2. Can i watch youtube videos? 
 3. I wont make any calls, will i get more than 900 rs? 
4. How much time will take to download 1 GB file? 
5. How is help n support? 

Please reply, thankx in advance.


----------



## [xubz] (Oct 2, 2007)

1) DL Usually between 28KBps to 35KBps, UL varies between 10KBps to 20KBps.
2) Sure! It'll be slow though
3) 900 + 12.25% Tax is what you usually get.
4) Around 9-10 Hours, considering it download at 32KBps
5) No-Comments  (Bah! Gov Company, Don't expect quick support!)


If you don't mind waking up at 2AM, Go for Home 1000 Plan.. 5GB Download Limit, Upto 2mbps (8 times faster than 256kpbs) and Night Unlimited.

Edit: If you are applying now, You need to wait a LOT of time for your connection. I applied in Oct 2006! I Still haven't got the Connection. They keep saying that NIB has to create username and when I call the NIB people they say exchange havent sent them the details, etc. Make that a Infinite Loop. I'm currently stuck with even-more-hopeless Tata Indicom BB (in Bangalore that is)


----------



## Gigacore (Oct 2, 2007)

whoa, thats a quick reply, thanks. 

but is Home 1000 plan offers unlimited downloads in night? 

if so, whats the unlimited access timing? 

whats the download and upload speeds? 

and again what time will it take to download 1 gb file?


----------



## [xubz] (Oct 2, 2007)

1) From 2AM to 8AM. You can usually download 1-2GB when your speed is around 192KBps+ (Which it will usually be).

2) The Speed varies between 384kbps to 2mbps (55KBps to 256KBps).

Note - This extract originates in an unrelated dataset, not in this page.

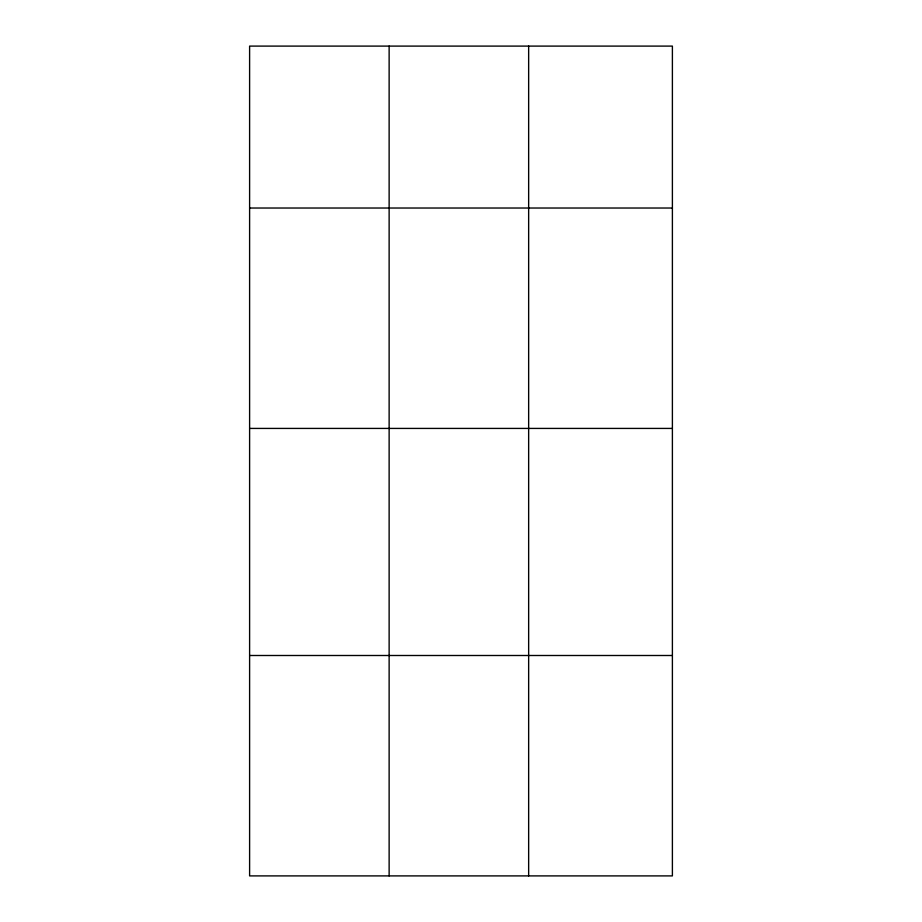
<?xml version="1.0" encoding="UTF-8"?>
<svg xmlns="http://www.w3.org/2000/svg" width="922" height="922" viewBox="0 0 922 922"><rect width="100%" height="100%" fill="white"/><g stroke="black" fill="none" stroke-linecap="round" stroke-linejoin="round"><path stroke-width="1.38" d="M672.392 208.026L672.392 875.9L249.608 875.9L249.608 46.1L672.392 46.1L672.392 208.026L249.608 208.026M249.608 428.419L672.392 428.419M249.608 655.496L672.392 655.496M528.652 46.1L528.652 875.9M389.13 46.1L389.13 875.9"/></g></svg>

3) Upload will be around 128kbps to 384kbps.

4) Just around an hour and a half if you get Full 2mbps Speed


----------



## axxo (Oct 2, 2007)

Upload speed is lot lesser..only 5KBps to 7KBps

btw you missed out posting here i think...
*www.thinkdigit.com/forum/showthread.php?t=29143


----------



## utsav (Oct 2, 2007)

home 500 is a much better option if u r a casual surfer


----------



## Gigacore (Oct 2, 2007)

i wanna download more stuff. 

now which is better? 

HOME 1000 or 900+


----------



## utsav (Oct 2, 2007)

1000 is wayyyy better.


----------



## contactpraven2001 (Oct 2, 2007)

well 1000 is better for sure ......


----------



## Gigacore (Oct 2, 2007)

alright, whats the bandwidth i get in Home 1000? is it 2 Mbps ? and is download speed 256 kbps? 
and whats the monthly download cap? 

and whats the bandwidth for Home 500 ? 

oops that lots of questions


----------



## janitha (Oct 2, 2007)

Having used Plan 250 for 2 years, I shifted to UL900 Plus last month. To me it seemed like the dial up usage and shifted back to Plan 250 from 1-10-07. Must be due to 256 Kbps limit.


----------



## [xubz] (Oct 2, 2007)

Home 1000 has 2-mega-bits-per-second(mbps) that is equal to ~256-kilo-bytes-per-second(KBps)

And the UL900 has 256kbps = 32KBps..

Home 1000 has a 'Morning Hours' Download Cap of 5GB
Home 500 = 2.5GB.

Both are otherwise the same.


----------



## RCuber (Oct 2, 2007)

Well giga .. when you are on unlimited BW with a speed of 256kbps you cannot complaint more cause you wont pay extra for anything you download. But I am on home 500 plan and last month I downloaded a total of 38GB (both paid and free) .. but I still managed to saved( or wasted )  100MB. when downloading large files I scheduel it from 2-8 AM .. rest of the time I use the BW normally. It doesnt matter if you are on unlimited or capped .. all that matters is how you utilize the BW..


----------



## Gigacore (Oct 2, 2007)

cool thanks for the information. and charan bro can you tell me the BW of home 500 plan? and whats the download cap per month (excluding morning cap) 
and in morning, will i get 2.5 gig cap every day. or is it monthly ? and how much time will it take to download a gig file.


----------



## RCuber (Oct 2, 2007)

^^ its 2.5GB /month .. I can download 700-750 MB/hr.. so you can do the math


----------



## Gigacore (Oct 2, 2007)

thanks for the info guys and charan bro. 

BTW, whats the monthly telephone rental guys ?


----------



## utsav (Oct 2, 2007)

180 i suppose


----------



## Gigacore (Oct 2, 2007)

thanks for info buddy


----------



## hmmmmmmmmmmmmm (Oct 2, 2007)

well dude go for home1000

download speed is always 2mbps in hyd

frm 2-8 u download 4.5 GB ( If u hv Rapidshare premium account )


bsnl jus roxxx


----------